If a line in the data holds the string "second", list it.

===

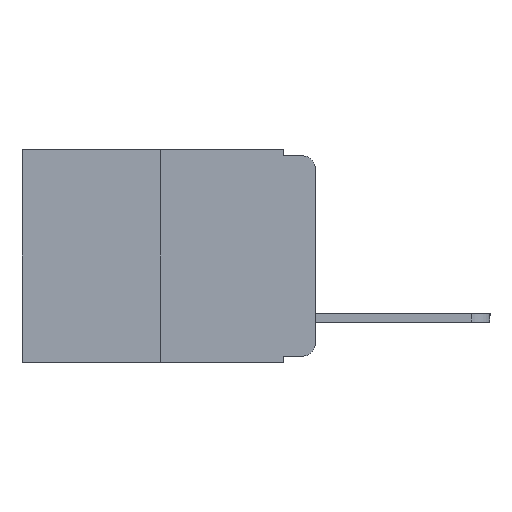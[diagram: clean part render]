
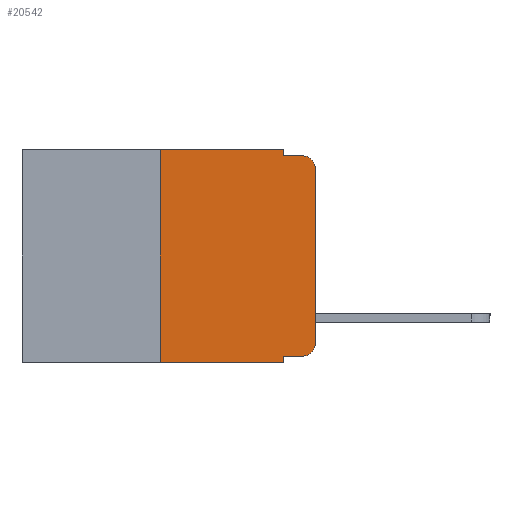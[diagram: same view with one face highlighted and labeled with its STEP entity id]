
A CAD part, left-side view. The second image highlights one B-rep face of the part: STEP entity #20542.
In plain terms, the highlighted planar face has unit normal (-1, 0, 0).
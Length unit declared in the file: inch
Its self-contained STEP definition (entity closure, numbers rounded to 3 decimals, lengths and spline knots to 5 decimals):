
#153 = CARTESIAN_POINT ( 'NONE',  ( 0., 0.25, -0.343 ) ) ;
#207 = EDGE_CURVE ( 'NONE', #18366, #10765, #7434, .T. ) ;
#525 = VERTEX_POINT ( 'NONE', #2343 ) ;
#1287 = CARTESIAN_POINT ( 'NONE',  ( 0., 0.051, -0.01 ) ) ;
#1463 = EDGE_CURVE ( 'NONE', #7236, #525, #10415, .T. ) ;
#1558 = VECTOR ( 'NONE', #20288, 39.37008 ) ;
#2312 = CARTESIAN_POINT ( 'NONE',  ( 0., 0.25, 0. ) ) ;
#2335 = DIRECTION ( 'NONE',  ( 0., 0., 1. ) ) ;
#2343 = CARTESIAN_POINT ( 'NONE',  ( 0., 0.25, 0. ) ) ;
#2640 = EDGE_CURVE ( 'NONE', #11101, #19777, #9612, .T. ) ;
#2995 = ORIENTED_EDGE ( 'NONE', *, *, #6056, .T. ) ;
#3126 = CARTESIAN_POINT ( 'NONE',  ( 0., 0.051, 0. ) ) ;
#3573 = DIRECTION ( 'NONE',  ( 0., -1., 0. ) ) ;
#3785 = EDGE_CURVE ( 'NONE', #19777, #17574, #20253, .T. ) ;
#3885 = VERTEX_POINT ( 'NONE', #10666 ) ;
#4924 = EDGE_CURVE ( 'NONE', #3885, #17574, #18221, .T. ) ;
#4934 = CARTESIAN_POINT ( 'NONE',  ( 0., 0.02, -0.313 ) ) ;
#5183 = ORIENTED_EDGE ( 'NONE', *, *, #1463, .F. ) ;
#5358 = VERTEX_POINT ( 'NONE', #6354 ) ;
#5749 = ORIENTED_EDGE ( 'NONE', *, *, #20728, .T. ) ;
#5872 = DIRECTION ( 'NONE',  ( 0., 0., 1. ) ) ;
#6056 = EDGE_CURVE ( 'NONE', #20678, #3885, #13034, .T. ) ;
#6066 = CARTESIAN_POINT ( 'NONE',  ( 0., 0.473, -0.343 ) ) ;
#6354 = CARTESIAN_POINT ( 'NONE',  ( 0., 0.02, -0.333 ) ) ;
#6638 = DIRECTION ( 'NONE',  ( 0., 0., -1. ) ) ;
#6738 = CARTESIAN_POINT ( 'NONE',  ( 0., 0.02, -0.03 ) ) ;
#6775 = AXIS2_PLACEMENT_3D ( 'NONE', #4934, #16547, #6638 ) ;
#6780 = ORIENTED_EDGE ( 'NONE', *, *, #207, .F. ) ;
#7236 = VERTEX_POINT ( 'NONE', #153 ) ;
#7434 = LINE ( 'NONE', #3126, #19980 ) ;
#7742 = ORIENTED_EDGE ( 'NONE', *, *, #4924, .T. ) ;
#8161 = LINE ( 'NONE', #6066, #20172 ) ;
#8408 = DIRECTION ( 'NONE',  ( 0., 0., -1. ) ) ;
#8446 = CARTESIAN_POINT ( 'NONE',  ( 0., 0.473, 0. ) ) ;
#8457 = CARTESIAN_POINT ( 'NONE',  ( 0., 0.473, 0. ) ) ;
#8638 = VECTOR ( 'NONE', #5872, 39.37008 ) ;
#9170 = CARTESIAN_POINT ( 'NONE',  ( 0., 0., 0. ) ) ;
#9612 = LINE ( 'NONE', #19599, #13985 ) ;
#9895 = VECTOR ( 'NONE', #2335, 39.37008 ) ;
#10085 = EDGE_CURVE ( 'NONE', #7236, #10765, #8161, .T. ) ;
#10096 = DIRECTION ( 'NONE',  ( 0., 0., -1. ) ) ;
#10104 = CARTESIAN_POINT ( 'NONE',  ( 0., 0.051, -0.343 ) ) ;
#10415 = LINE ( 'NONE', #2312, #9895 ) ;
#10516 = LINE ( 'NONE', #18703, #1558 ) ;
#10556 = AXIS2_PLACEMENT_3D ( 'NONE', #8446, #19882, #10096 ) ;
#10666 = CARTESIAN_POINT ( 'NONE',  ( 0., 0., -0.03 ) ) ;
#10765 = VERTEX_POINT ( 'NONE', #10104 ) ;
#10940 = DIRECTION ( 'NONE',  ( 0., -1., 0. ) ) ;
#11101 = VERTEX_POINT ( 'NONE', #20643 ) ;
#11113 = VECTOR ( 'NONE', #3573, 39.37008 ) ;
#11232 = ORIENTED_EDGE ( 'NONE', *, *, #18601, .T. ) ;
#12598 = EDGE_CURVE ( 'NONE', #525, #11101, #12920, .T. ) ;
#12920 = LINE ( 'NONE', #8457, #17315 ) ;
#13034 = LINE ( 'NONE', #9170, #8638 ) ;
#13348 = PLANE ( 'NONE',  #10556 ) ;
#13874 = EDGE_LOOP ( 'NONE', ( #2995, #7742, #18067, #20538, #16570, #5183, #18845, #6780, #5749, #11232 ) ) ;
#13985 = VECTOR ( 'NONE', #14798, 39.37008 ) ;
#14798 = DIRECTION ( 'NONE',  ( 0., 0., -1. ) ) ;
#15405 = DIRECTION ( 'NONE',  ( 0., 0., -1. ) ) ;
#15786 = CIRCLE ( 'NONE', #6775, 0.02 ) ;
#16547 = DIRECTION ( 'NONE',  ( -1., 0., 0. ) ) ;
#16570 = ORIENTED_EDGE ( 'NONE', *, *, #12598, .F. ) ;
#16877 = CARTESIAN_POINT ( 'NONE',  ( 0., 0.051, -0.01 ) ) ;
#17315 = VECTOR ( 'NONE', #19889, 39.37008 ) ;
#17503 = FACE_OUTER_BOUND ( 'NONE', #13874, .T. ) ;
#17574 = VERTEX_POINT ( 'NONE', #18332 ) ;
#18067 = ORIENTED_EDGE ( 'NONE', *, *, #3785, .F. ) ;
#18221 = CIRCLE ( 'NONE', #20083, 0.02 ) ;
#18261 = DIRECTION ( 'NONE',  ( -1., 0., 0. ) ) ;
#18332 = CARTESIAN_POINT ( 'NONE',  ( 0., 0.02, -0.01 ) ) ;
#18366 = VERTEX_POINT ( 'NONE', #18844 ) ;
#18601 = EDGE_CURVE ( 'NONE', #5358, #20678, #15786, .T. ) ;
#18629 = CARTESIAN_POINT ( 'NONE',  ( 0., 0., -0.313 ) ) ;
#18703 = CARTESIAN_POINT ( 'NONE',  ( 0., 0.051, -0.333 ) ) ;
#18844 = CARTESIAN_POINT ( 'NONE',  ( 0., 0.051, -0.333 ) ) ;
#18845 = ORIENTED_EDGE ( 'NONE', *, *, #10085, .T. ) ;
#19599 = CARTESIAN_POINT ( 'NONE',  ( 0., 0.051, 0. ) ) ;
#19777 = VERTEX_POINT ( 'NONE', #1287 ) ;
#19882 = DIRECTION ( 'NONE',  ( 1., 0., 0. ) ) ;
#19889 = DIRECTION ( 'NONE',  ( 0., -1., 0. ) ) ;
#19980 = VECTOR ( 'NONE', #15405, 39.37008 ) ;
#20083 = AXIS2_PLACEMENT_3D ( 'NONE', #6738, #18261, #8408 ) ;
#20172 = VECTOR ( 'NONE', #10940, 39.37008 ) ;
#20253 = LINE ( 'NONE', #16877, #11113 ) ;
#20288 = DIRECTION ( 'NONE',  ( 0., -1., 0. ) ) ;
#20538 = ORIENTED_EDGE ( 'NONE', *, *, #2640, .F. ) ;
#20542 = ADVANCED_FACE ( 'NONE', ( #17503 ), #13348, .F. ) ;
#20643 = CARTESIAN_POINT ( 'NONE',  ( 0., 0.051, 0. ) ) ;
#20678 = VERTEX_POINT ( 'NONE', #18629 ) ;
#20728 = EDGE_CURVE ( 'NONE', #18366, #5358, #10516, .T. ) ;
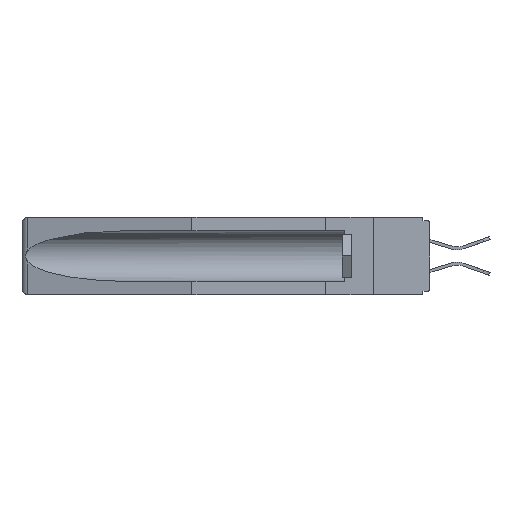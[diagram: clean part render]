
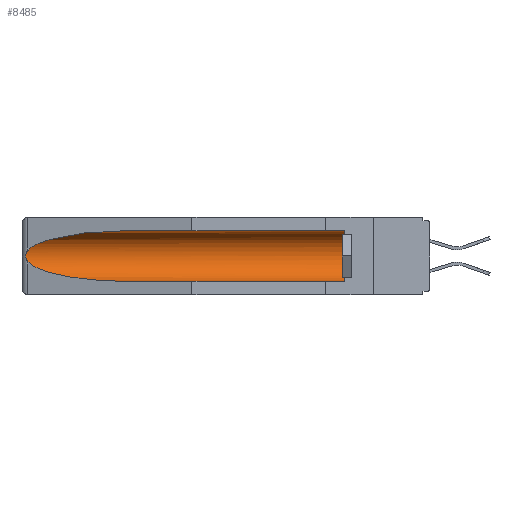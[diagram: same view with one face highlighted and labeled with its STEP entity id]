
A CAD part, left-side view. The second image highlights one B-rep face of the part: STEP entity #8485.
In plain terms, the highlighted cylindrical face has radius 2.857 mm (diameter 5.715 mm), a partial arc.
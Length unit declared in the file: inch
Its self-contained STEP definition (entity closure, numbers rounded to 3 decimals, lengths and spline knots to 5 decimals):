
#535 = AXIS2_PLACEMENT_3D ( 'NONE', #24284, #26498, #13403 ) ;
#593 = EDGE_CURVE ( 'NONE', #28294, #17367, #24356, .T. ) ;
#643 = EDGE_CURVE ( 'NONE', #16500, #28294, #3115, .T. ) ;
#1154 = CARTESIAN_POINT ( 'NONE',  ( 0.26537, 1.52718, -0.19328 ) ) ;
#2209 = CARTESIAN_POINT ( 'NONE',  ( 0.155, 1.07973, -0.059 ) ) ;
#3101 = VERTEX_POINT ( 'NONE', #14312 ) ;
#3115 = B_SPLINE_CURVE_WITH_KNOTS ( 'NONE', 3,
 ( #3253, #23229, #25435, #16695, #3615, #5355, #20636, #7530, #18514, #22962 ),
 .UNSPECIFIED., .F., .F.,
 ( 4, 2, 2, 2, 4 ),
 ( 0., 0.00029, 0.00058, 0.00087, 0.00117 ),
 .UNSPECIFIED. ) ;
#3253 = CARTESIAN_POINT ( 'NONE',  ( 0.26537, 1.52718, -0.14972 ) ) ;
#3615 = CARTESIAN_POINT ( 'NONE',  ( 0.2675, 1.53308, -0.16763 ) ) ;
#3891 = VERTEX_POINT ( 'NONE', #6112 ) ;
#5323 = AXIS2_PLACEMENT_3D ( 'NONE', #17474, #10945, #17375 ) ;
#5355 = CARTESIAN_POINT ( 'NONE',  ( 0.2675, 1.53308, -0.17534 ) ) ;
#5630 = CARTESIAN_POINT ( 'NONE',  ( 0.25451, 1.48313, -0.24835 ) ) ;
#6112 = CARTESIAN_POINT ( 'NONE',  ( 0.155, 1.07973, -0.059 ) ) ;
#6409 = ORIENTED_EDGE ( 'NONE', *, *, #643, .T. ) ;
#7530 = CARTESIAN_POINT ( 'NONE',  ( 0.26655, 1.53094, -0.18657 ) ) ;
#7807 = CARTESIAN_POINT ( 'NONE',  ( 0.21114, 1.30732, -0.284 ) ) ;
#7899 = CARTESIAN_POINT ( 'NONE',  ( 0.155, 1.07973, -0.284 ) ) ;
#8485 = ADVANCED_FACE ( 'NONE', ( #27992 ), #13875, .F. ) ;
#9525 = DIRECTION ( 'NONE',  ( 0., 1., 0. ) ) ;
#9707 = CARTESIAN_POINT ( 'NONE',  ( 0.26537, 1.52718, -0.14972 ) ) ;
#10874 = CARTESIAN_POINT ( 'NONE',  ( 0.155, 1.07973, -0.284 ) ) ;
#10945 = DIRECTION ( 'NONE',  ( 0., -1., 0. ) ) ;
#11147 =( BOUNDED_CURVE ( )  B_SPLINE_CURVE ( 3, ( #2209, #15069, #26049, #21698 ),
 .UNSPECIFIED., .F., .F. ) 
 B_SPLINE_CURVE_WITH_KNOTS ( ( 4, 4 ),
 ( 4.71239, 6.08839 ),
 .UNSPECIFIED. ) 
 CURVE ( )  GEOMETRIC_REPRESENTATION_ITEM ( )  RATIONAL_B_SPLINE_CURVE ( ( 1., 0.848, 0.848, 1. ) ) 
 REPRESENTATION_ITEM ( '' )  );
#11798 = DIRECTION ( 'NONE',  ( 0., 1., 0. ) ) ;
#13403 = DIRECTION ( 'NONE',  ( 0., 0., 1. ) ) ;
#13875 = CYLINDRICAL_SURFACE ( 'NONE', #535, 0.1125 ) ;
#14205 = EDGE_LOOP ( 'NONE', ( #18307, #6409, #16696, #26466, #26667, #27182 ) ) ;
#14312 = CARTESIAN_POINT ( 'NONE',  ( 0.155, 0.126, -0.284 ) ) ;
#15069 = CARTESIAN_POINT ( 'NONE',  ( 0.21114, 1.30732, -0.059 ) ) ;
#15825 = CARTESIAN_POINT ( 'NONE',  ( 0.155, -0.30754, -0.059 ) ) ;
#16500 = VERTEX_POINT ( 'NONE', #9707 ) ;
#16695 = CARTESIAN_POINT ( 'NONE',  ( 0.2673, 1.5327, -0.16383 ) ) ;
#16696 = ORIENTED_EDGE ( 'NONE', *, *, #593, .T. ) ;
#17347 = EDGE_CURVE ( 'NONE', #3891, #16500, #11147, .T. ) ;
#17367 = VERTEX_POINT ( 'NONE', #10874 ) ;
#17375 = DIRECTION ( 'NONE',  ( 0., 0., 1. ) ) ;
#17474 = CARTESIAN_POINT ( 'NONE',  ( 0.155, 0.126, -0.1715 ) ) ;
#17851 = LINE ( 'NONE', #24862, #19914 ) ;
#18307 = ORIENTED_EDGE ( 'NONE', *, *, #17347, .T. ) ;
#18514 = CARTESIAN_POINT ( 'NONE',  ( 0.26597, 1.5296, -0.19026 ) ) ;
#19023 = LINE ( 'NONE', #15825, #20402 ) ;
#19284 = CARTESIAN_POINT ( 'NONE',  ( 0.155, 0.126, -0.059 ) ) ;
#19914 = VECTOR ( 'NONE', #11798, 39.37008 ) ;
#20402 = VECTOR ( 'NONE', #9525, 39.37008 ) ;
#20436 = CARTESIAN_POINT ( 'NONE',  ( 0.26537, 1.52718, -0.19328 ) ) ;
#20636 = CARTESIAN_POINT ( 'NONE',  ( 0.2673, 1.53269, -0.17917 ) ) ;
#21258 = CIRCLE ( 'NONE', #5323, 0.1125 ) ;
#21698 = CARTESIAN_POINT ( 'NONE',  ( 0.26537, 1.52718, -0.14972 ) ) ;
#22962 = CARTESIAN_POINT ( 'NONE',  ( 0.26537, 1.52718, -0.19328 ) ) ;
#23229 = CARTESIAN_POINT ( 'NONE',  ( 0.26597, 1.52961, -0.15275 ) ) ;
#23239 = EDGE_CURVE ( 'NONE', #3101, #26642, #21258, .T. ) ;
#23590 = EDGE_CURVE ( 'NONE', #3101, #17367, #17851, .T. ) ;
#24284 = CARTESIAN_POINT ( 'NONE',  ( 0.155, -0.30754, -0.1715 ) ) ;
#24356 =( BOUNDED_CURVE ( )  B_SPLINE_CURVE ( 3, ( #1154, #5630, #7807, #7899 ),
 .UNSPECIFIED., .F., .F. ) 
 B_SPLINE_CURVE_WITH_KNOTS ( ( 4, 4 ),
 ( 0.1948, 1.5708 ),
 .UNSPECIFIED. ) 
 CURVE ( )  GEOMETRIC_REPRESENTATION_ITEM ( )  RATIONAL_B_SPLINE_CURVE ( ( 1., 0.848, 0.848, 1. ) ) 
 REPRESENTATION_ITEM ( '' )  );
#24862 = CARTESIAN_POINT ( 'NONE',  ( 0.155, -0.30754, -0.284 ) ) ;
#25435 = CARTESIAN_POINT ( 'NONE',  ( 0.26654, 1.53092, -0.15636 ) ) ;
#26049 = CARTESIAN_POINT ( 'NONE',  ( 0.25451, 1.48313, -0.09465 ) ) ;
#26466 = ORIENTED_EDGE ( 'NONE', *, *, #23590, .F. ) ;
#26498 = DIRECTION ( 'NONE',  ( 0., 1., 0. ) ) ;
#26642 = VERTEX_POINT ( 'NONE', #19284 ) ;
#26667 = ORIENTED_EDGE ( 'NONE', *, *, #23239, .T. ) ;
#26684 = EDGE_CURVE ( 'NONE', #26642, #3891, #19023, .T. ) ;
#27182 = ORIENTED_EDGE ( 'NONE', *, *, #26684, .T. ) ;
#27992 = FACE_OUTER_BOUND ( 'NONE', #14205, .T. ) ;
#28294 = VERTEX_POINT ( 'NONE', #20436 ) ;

===

> Result of the task
A CAD part, left-side view. The second image highlights one B-rep face of the part: STEP entity #20542.
A CAD part, left-side view. The second image highlights one B-rep face of the part: STEP entity #8485.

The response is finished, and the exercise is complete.